Ruslan Awumbas menyampaikan, pihaknya secara fungsi dan tugas kelembagaan terus berupaya untuk menekan lajunya peredaran serta mata rantai para bandar, kurir,pemakai hingga pihak-pihak yang dianggap terjebak secara tidak sadar atas barang haram dimaksud.

“Kami untuk 2026 ini Program yang rutin kami jalankan adalah Pencegahan dan Pemberdayaan Masyarakat (P2M), kemudian berantas, dan untuk berantas kami kerjasama dengan Polres serta tetap berkoordinasi dengan Provinsi”. Ungkapnya.

Ia menambahkan, program yang telah dicanangkan pemerintah pusat secara sistematis dan berjenjang telah ada, dan saat ini program tersebut sedang digalakan demi memberi kesadaran serta pemahaman bagi mereka yang secara sepihak salah menggunakan atau mengkonsumsi barang haram itu.

“Karena program nasional utama adalah bidang pencegahan dan pemberdayaan masyarakat,diluar dari itu ada juga program rehabilitasi, karena korban penyalaguna saat ini banyak”. Tuturnya.

Dikatakanya, saat ini di Timika telah banyak ditemui pelajar dan mahasiswa yang mengkonsumsi barang terlarang tersebut, sehingga BNN lebih intensif dan telah mengagendakan scedule tetap dalam melakukan kompaye dan sosialisasi tentang bahaya narkoba di wilayah kampus dan sekolah-sekolah.

“Ada kegiatan kami di sekolah dan kampus yang kami sebut “Bersinar” Bersih dari Narkoba, kami juga razia rutin dengan pihak Polres di daerah rawan seperti tempat hiburan malam”. Ujarnya.

Hal tersebut dilakukan atas informasi dan data yang dimiliki pihak BNN Timika, dimana beberapa waktu terakhir ini terjadinya lonjakan grafik keterlibatan para siswa-siswi dan mahasiswa dalam kaitanya dengan barang haram dimaksud.

“Yang paling rawan adalah anak sekolah, anak sekolah sejak tahun 2025 meningkat sehingga kami rawat nginap atau rawat jalan, sesuai kategorinya terhadap penggunaanya”. Tandasnya.

BNN juga telah bekerjasama dengan Pemda Mimika, dalam upaya pencegahan kepada Aparatur Sipil Negara (ASN), dimana kerjasama tersebutm mendapat respon pisitif dari Pemda dengan mensuport serta mengapresiasi langkah BNN dalam memerangi bahaya narkoba di kalangan ASN.
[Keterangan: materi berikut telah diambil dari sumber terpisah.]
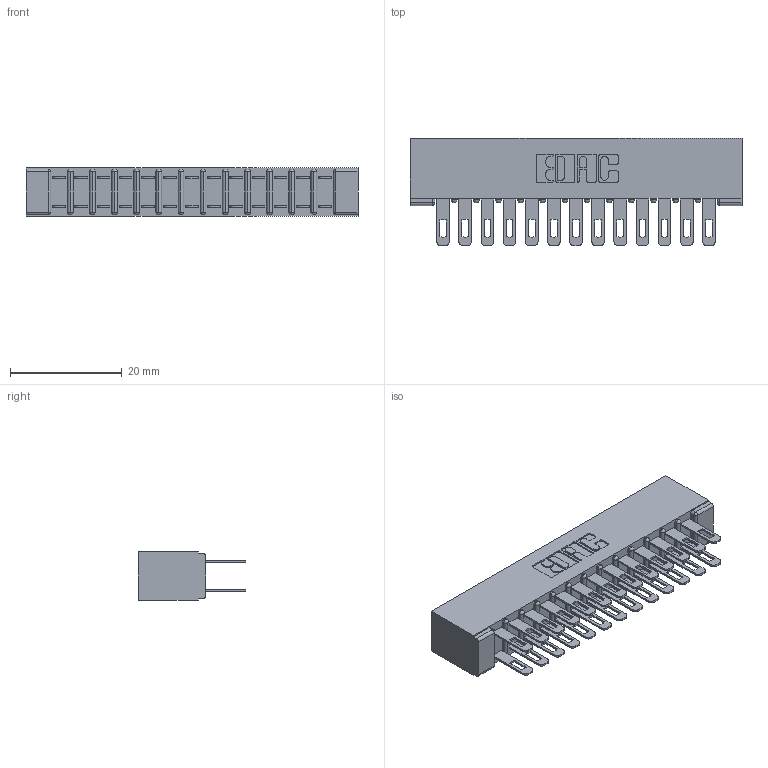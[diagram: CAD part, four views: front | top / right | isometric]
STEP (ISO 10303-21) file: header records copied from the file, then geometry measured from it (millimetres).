
FILE_DESCRIPTION (( 'STEP AP203' ), '1' );
FILE_NAME ('357-026-400-201.STEP', '2020-10-03T01:51:45', ( '' ), ( '' ), 'SwSTEP 2.0', 'SolidWorks 2020', '' );
FILE_SCHEMA (( 'CONFIG_CONTROL_DESIGN' ));
Length unit declared in the file: inch
Products named in the file (3): 307 Part_No Mounting Lugs; 307-290-001_500; 357-026-400-201
Assembly tree (27 placements, depth 2):
  357-026-400-201
    307 Part_No Mounting Lugs
    307-290-001_500  x26
Bounding box: 59.39 x 19.18 x 8.71 mm (x, y, z)
Volume: 4193 mm3; surface area: 7820.6 mm2
Topology: 27 solids, 27 shells, 1320 faces, 3679 edges, 2378 vertices
Faces by surface type: plane 846, cylinder 446, sphere 28
Entity records: 14832 total; most frequent: CARTESIAN_POINT 2429, ORIENTED_EDGE 2402, DIRECTION 2393, EDGE_CURVE 1201, VECTOR 909, LINE 909, VERTEX_POINT 778, AXIS2_PLACEMENT_3D 742
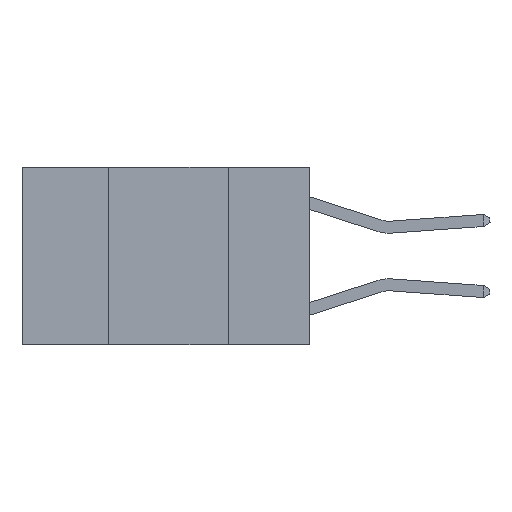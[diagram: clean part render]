
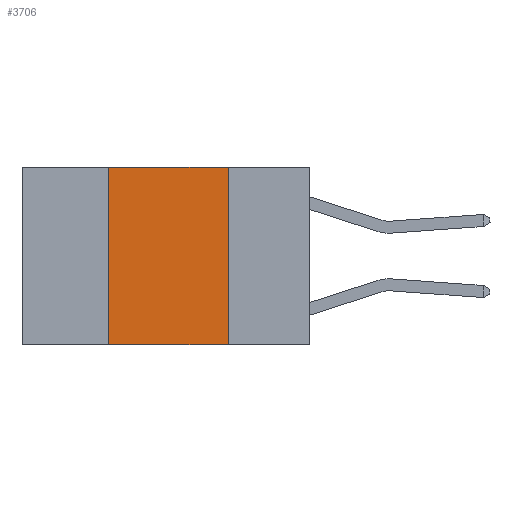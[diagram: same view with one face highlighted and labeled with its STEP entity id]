
A CAD part, left-side view. The second image highlights one B-rep face of the part: STEP entity #3706.
In plain terms, the highlighted planar face has unit normal (-1, 0, 0).
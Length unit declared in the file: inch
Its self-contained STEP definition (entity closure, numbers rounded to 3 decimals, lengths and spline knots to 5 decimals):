
#1372 = PLANE ( 'NONE',  #6216 ) ;
#1774 = EDGE_CURVE ( 'NONE', #10091, #12198, #4203, .T. ) ;
#2193 = ORIENTED_EDGE ( 'NONE', *, *, #7167, .F. ) ;
#2509 = VERTEX_POINT ( 'NONE', #12847 ) ;
#2568 = CARTESIAN_POINT ( 'NONE',  ( 0., 0.6, 0. ) ) ;
#2668 = EDGE_LOOP ( 'NONE', ( #5587, #2193, #8584, #11787 ) ) ;
#3404 = VECTOR ( 'NONE', #7515, 39.37008 ) ;
#3407 = DIRECTION ( 'NONE',  ( 0., 0., -1. ) ) ;
#3453 = EDGE_CURVE ( 'NONE', #2509, #6260, #5759, .T. ) ;
#3706 = ADVANCED_FACE ( 'NONE', ( #4728 ), #1372, .F. ) ;
#3886 = DIRECTION ( 'NONE',  ( 1., 0., 0. ) ) ;
#4203 = LINE ( 'NONE', #15080, #3404 ) ;
#4728 = FACE_OUTER_BOUND ( 'NONE', #2668, .T. ) ;
#5340 = VECTOR ( 'NONE', #3407, 39.37008 ) ;
#5442 = VECTOR ( 'NONE', #14764, 39.37008 ) ;
#5587 = ORIENTED_EDGE ( 'NONE', *, *, #3453, .F. ) ;
#5759 = LINE ( 'NONE', #13618, #5340 ) ;
#6216 = AXIS2_PLACEMENT_3D ( 'NONE', #2568, #3886, #12817 ) ;
#6260 = VERTEX_POINT ( 'NONE', #14346 ) ;
#6688 = LINE ( 'NONE', #9633, #10096 ) ;
#7045 = DIRECTION ( 'NONE',  ( 0., -1., 0. ) ) ;
#7167 = EDGE_CURVE ( 'NONE', #12198, #2509, #12240, .T. ) ;
#7515 = DIRECTION ( 'NONE',  ( 0., 0., 1. ) ) ;
#8584 = ORIENTED_EDGE ( 'NONE', *, *, #1774, .F. ) ;
#9633 = CARTESIAN_POINT ( 'NONE',  ( 0., 0.6, -0.37 ) ) ;
#10091 = VERTEX_POINT ( 'NONE', #12140 ) ;
#10096 = VECTOR ( 'NONE', #7045, 39.37008 ) ;
#11787 = ORIENTED_EDGE ( 'NONE', *, *, #14855, .T. ) ;
#12140 = CARTESIAN_POINT ( 'NONE',  ( 0., 0.42, -0.37 ) ) ;
#12198 = VERTEX_POINT ( 'NONE', #14069 ) ;
#12240 = LINE ( 'NONE', #15957, #5442 ) ;
#12817 = DIRECTION ( 'NONE',  ( 0., 0., -1. ) ) ;
#12847 = CARTESIAN_POINT ( 'NONE',  ( 0., 0.17, 0. ) ) ;
#13618 = CARTESIAN_POINT ( 'NONE',  ( 0., 0.17, 0. ) ) ;
#14069 = CARTESIAN_POINT ( 'NONE',  ( 0., 0.42, 0. ) ) ;
#14346 = CARTESIAN_POINT ( 'NONE',  ( 0., 0.17, -0.37 ) ) ;
#14764 = DIRECTION ( 'NONE',  ( 0., -1., 0. ) ) ;
#14855 = EDGE_CURVE ( 'NONE', #10091, #6260, #6688, .T. ) ;
#15080 = CARTESIAN_POINT ( 'NONE',  ( 0., 0.42, 0. ) ) ;
#15957 = CARTESIAN_POINT ( 'NONE',  ( 0., 0.6, 0. ) ) ;
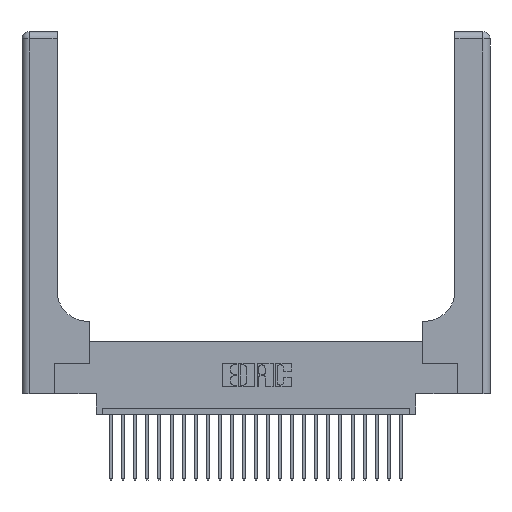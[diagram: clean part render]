
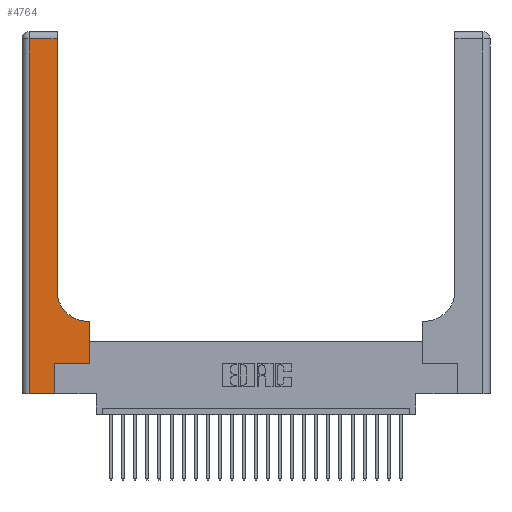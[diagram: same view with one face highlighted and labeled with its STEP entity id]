
A CAD part, top view. The second image highlights one B-rep face of the part: STEP entity #4764.
In plain terms, the highlighted planar face has unit normal (0, 0, 1).
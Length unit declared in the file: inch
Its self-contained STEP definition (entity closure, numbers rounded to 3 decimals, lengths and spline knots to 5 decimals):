
#477 = ORIENTED_EDGE ( 'NONE', *, *, #10795, .T. ) ;
#955 = CARTESIAN_POINT ( 'NONE',  ( 0.269, 0.25, 0.37 ) ) ;
#1013 = CARTESIAN_POINT ( 'NONE',  ( 0., 3., 0.37 ) ) ;
#1089 = VERTEX_POINT ( 'NONE', #1854 ) ;
#1128 = DIRECTION ( 'NONE',  ( 1., 0., 0. ) ) ;
#1847 = VERTEX_POINT ( 'NONE', #2055 ) ;
#1854 = CARTESIAN_POINT ( 'NONE',  ( 0.5585, 0.6, 0.37 ) ) ;
#1910 = CARTESIAN_POINT ( 'NONE',  ( 0., 0., 0.37 ) ) ;
#2055 = CARTESIAN_POINT ( 'NONE',  ( 0.06, 0., 0.37 ) ) ;
#2332 = VECTOR ( 'NONE', #1128, 39.37008 ) ;
#2649 = ORIENTED_EDGE ( 'NONE', *, *, #25139, .T. ) ;
#2979 = CARTESIAN_POINT ( 'NONE',  ( 0.5415, 0.6, 0.37 ) ) ;
#3299 = EDGE_CURVE ( 'NONE', #8725, #22701, #25234, .T. ) ;
#3443 = AXIS2_PLACEMENT_3D ( 'NONE', #1013, #21552, #9406 ) ;
#3504 = ORIENTED_EDGE ( 'NONE', *, *, #3299, .T. ) ;
#3900 = ORIENTED_EDGE ( 'NONE', *, *, #11062, .T. ) ;
#4005 = LINE ( 'NONE', #16252, #24385 ) ;
#4677 = CARTESIAN_POINT ( 'NONE',  ( 0.06, 2.94, 0.37 ) ) ;
#4764 = ADVANCED_FACE ( 'NONE', ( #14956 ), #7246, .F. ) ;
#4818 = EDGE_CURVE ( 'NONE', #15600, #15316, #12112, .T. ) ;
#5533 = VECTOR ( 'NONE', #13208, 39.37008 ) ;
#5841 = CARTESIAN_POINT ( 'NONE',  ( 0.269, 0., 0.37 ) ) ;
#6423 = CARTESIAN_POINT ( 'NONE',  ( 0.2915, 3., 0.37 ) ) ;
#6459 = DIRECTION ( 'NONE',  ( 0., 1., 0. ) ) ;
#6605 = DIRECTION ( 'NONE',  ( 0., 1., 0. ) ) ;
#6690 = CARTESIAN_POINT ( 'NONE',  ( 0., 2.94, 0.37 ) ) ;
#6715 = CARTESIAN_POINT ( 'NONE',  ( 0.5415, 0.85, 0.37 ) ) ;
#6925 = CARTESIAN_POINT ( 'NONE',  ( 0.269, 0.25, 0.37 ) ) ;
#7246 = PLANE ( 'NONE',  #3443 ) ;
#7353 = DIRECTION ( 'NONE',  ( 0., -1., 0. ) ) ;
#7428 = DIRECTION ( 'NONE',  ( -1., 0., 0. ) ) ;
#8725 = VERTEX_POINT ( 'NONE', #2979 ) ;
#9167 = EDGE_CURVE ( 'NONE', #20298, #1089, #4005, .T. ) ;
#9406 = DIRECTION ( 'NONE',  ( -1., 0., 0. ) ) ;
#9442 = LINE ( 'NONE', #1910, #22768 ) ;
#9789 = DIRECTION ( 'NONE',  ( -1., 0., 0. ) ) ;
#10795 = EDGE_CURVE ( 'NONE', #16085, #11909, #16981, .T. ) ;
#11062 = EDGE_CURVE ( 'NONE', #22701, #15600, #23028, .T. ) ;
#11163 = LINE ( 'NONE', #25444, #13995 ) ;
#11601 = VECTOR ( 'NONE', #6605, 39.37008 ) ;
#11909 = VERTEX_POINT ( 'NONE', #6925 ) ;
#12112 = LINE ( 'NONE', #6690, #19711 ) ;
#12349 = EDGE_CURVE ( 'NONE', #1089, #8725, #21056, .T. ) ;
#13208 = DIRECTION ( 'NONE',  ( 0., 1., 0. ) ) ;
#13587 = CARTESIAN_POINT ( 'NONE',  ( 0.2915, 0.6, 0.37 ) ) ;
#13995 = VECTOR ( 'NONE', #7353, 39.37008 ) ;
#14519 = EDGE_LOOP ( 'NONE', ( #3900, #18261, #2649, #19903, #477, #24281, #18464, #21739, #3504 ) ) ;
#14532 = CARTESIAN_POINT ( 'NONE',  ( 0.2915, 0.85, 0.37 ) ) ;
#14956 = FACE_OUTER_BOUND ( 'NONE', #14519, .T. ) ;
#15316 = VERTEX_POINT ( 'NONE', #4677 ) ;
#15550 = AXIS2_PLACEMENT_3D ( 'NONE', #6715, #16915, #23245 ) ;
#15600 = VERTEX_POINT ( 'NONE', #26079 ) ;
#16085 = VERTEX_POINT ( 'NONE', #5841 ) ;
#16252 = CARTESIAN_POINT ( 'NONE',  ( 0.5585, 0.25, 0.37 ) ) ;
#16399 = EDGE_CURVE ( 'NONE', #1847, #16085, #9442, .T. ) ;
#16915 = DIRECTION ( 'NONE',  ( 0., 0., -1. ) ) ;
#16981 = LINE ( 'NONE', #17277, #5533 ) ;
#17277 = CARTESIAN_POINT ( 'NONE',  ( 0.269, 0., 0.37 ) ) ;
#18261 = ORIENTED_EDGE ( 'NONE', *, *, #4818, .T. ) ;
#18307 = DIRECTION ( 'NONE',  ( 1., 0., 0. ) ) ;
#18464 = ORIENTED_EDGE ( 'NONE', *, *, #9167, .T. ) ;
#18493 = EDGE_CURVE ( 'NONE', #11909, #20298, #19894, .T. ) ;
#19711 = VECTOR ( 'NONE', #7428, 39.37008 ) ;
#19894 = LINE ( 'NONE', #955, #2332 ) ;
#19903 = ORIENTED_EDGE ( 'NONE', *, *, #16399, .T. ) ;
#20298 = VERTEX_POINT ( 'NONE', #24522 ) ;
#21056 = LINE ( 'NONE', #13587, #23907 ) ;
#21552 = DIRECTION ( 'NONE',  ( 0., 0., -1. ) ) ;
#21739 = ORIENTED_EDGE ( 'NONE', *, *, #12349, .T. ) ;
#22701 = VERTEX_POINT ( 'NONE', #14532 ) ;
#22768 = VECTOR ( 'NONE', #18307, 39.37008 ) ;
#23028 = LINE ( 'NONE', #6423, #11601 ) ;
#23245 = DIRECTION ( 'NONE',  ( 1., 0., 0. ) ) ;
#23907 = VECTOR ( 'NONE', #9789, 39.37008 ) ;
#24281 = ORIENTED_EDGE ( 'NONE', *, *, #18493, .T. ) ;
#24385 = VECTOR ( 'NONE', #6459, 39.37008 ) ;
#24522 = CARTESIAN_POINT ( 'NONE',  ( 0.5585, 0.25, 0.37 ) ) ;
#25139 = EDGE_CURVE ( 'NONE', #15316, #1847, #11163, .T. ) ;
#25234 = CIRCLE ( 'NONE', #15550, 0.25 ) ;
#25444 = CARTESIAN_POINT ( 'NONE',  ( 0.06, 3., 0.37 ) ) ;
#26079 = CARTESIAN_POINT ( 'NONE',  ( 0.2915, 2.94, 0.37 ) ) ;

Sebelum mengakhiri pembicaraanya Ruslan menghimbau kepada para orang tua, agar selalu mengantisipasi pergaulan anak, serta tetap warpada dini atas seluruh aktifitas anak usia sekolah dan mahasiswa, pada tingkat pergaulanya di sekitar tempat tinggal serta areal bergaul dengan teman lain.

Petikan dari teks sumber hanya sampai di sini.